It is also a great pleasure to acknowledge the unceasing courtesy and zealous aid rendered me during my renewed studies in the Archives at the Hague—lasting through nearly two years—by the Chief Archivist, M. van den Berg, and the gentlemen connected with that institution, especially M. de Jonghe and M. Hingman, without whose aid it would have been difficult for me to decipher and to procure copies of the almost illegible holographs of Barneveld.
I must also thank M. van Deventer for communicating copies of some curious manuscripts relating to my subject, some from private archives in Holland, and others from those of Simancas.
A single word only remains to be said in regard to the name of the statesman whose career I have undertaken to describe.
His proper appellation and that by which he has always been known in his own country is Oldenbarneveld, but in his lifetime and always in history from that time to this he has been called Barneveld in English as well as French, and this transformation, as it were, of the name has become so settled a matter that after some hesitation it has been adopted in the present work.

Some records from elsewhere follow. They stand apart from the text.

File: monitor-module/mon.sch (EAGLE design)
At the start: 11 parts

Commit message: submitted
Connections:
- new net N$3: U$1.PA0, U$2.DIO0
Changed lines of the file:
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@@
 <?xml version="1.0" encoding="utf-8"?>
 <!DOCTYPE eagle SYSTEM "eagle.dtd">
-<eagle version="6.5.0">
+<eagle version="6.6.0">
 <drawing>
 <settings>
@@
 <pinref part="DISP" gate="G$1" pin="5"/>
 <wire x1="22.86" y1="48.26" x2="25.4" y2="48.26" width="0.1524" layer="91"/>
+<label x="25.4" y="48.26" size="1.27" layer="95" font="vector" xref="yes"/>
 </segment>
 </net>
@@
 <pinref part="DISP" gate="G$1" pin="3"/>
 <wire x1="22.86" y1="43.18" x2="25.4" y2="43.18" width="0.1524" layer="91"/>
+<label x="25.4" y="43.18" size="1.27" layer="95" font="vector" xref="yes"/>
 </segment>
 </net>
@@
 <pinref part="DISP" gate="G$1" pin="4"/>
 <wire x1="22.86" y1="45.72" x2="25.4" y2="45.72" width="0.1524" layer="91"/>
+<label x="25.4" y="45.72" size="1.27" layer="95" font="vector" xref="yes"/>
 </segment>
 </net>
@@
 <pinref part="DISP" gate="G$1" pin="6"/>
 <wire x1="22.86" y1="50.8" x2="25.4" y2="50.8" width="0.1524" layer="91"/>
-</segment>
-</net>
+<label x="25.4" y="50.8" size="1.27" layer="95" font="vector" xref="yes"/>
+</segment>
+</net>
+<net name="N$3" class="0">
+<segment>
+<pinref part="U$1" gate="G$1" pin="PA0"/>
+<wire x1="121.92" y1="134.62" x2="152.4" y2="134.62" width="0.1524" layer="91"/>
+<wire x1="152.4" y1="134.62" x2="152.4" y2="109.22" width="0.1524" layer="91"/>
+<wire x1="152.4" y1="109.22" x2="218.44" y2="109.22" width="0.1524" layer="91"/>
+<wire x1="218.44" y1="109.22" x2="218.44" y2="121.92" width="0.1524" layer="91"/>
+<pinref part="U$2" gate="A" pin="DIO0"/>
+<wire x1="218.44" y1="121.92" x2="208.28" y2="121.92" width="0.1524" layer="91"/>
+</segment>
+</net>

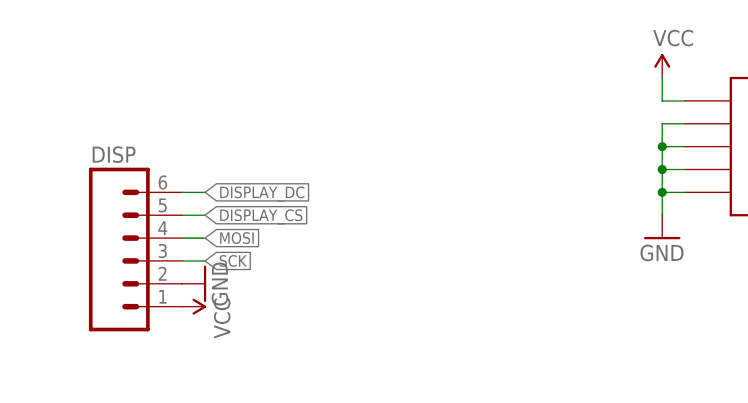
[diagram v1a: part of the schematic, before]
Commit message: added jumpers because dont trust ebay sellers
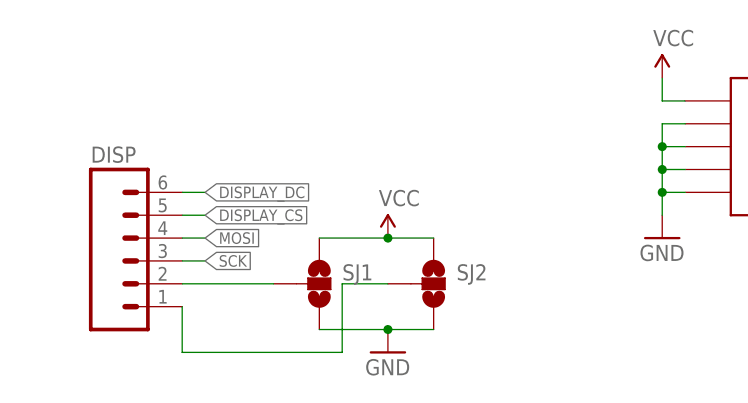
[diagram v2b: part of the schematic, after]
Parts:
- added SJ1, SJ2: (no value), SparkFun-Retired:SOLDERJUMPER_2WAYS
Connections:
- new net N$4: DISP.2, SJ1.2
- new net N$5: DISP.1, SJ2.2
- net GND: now also SJ1.3, SJ2.3; no longer DISP.2
- net VCC: now also SJ1.1, SJ2.1; no longer DISP.1
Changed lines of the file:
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@@
 <part name="GND17" library="SparkFun-Aesthetics" deviceset="GND" device=""/>
 <part name="DISP" library="SparkFun-Connectors" deviceset="M06" device="SILK_FEMALE_PTH"/>
-<part name="SUPPLY7" library="SparkFun-Aesthetics" deviceset="VCC" device=""/>
 <part name="GND18" library="SparkFun-Aesthetics" deviceset="GND" device=""/>
+<part name="SJ1" library="SparkFun-Retired" deviceset="SOLDERJUMPER_2WAY" device="S"/>
+<part name="SJ2" library="SparkFun-Retired" deviceset="SOLDERJUMPER_2WAY" device="S"/>
+<part name="SUPPLY6" library="SparkFun-Aesthetics" deviceset="VCC" device=""/>
 </parts>
 <sheets>
@@
 <instance part="GND17" gate="1" x="162.56" y="154.94" rot="R90"/>
 <instance part="DISP" gate="G$1" x="17.78" y="43.18"/>
-<instance part="SUPPLY7" gate="G$1" x="22.86" y="38.1" rot="R270"/>
-<instance part="GND18" gate="1" x="25.4" y="40.64" rot="R90"/>
+<instance part="GND18" gate="1" x="45.72" y="33.02"/>
+<instance part="SJ1" gate="G$1" x="38.1" y="40.64"/>
+<instance part="SJ2" gate="G$1" x="50.8" y="40.64"/>
+<instance part="SUPPLY6" gate="G$1" x="45.72" y="45.72"/>
 </instances>
 <busses>
@@
 </segment>
 <segment>
-<pinref part="DISP" gate="G$1" pin="2"/>
+<pinref part="SJ2" gate="G$1" pin="3"/>
 <pinref part="GND18" gate="1" pin="GND"/>
+<wire x1="50.8" y1="35.56" x2="45.72" y2="35.56" width="0.1524" layer="91"/>
+<pinref part="SJ1" gate="G$1" pin="3"/>
+<wire x1="38.1" y1="35.56" x2="45.72" y2="35.56" width="0.1524" layer="91"/>
+<junction x="45.72" y="35.56"/>
 </segment>
 </net>
@@
 </segment>
 <segment>
-<pinref part="DISP" gate="G$1" pin="1"/>
-<pinref part="SUPPLY7" gate="G$1" pin="VCC"/>
+<pinref part="SUPPLY6" gate="G$1" pin="VCC"/>
+<pinref part="SJ2" gate="G$1" pin="1"/>
+<wire x1="45.72" y1="45.72" x2="50.8" y2="45.72" width="0.1524" layer="91"/>
+<pinref part="SJ1" gate="G$1" pin="1"/>
+<wire x1="45.72" y1="45.72" x2="38.1" y2="45.72" width="0.1524" layer="91"/>
+<junction x="45.72" y="45.72"/>
 </segment>
 </net>
@@
 </segment>
 </net>
+<net name="N$4" class="0">
+<segment>
+<pinref part="SJ1" gate="G$1" pin="2"/>
+<pinref part="DISP" gate="G$1" pin="2"/>
+<wire x1="33.02" y1="40.64" x2="22.86" y2="40.64" width="0.1524" layer="91"/>
+</segment>
+</net>
+<net name="N$5" class="0">
+<segment>
+<pinref part="SJ2" gate="G$1" pin="2"/>
+<wire x1="45.72" y1="40.64" x2="40.64" y2="40.64" width="0.1524" layer="91"/>
+<wire x1="40.64" y1="40.64" x2="40.64" y2="33.02" width="0.1524" layer="91"/>
+<wire x1="40.64" y1="33.02" x2="22.86" y2="33.02" width="0.1524" layer="91"/>
+<pinref part="DISP" gate="G$1" pin="1"/>
+<wire x1="22.86" y1="33.02" x2="22.86" y2="38.1" width="0.1524" layer="91"/>
+</segment>
+</net>

The Author would take this opportunity of expressing his gratitude for the indulgence with which his former attempts to illustrate an important period of European history have been received by the public, and his anxious hope that the present volumes may be thought worthy of attention. They are the result at least of severe and conscientious labour at the original sources of history, but the subject is so complicated and difficult that it may well be feared that the ability to depict and unravel is unequal to the earnestness with which the attempt has been made.
London, 1873.
THE LIFE AND DEATH OF JOHN OF BARNEVELD, v1, 1609
CHAPTER I.
John of Barneveld the Founder of the Commonwealth of the United Provinces—Maurice of Orange Stadholder, but Servant to the States- General—The Union of Utrecht maintained—Barneveld makes a Compromise between Civil Functionaries and Church Officials— Embassies to France, England, and to Venice—the Appointment of Arminius to be Professor of Theology at Leyden creates Dissension— The Catholic League opposed by the Great Protestant Union—Death of the Duke of Cleve and Struggle for his Succession—The Elector of Brandenburg and Palatine of Neuburg hold the Duchies at Barneveld’s Advice against the Emperor, though having Rival Claims themselves— Negotiations with the King of France—He becomes the Ally of the States-General to Protect the Possessory Princes, and prepares for war.
I propose to retrace the history of a great statesman’s career. That statesman’s name, but for the dark and tragic scenes with which it was ultimately associated, might after the lapse of two centuries and a half have faded into comparative oblivion, so impersonal and shadowy his presence would have seemed upon the great European theatre where he was so long a chief actor, and where his efforts and his achievements were foremost among those productive of long enduring and widespread results.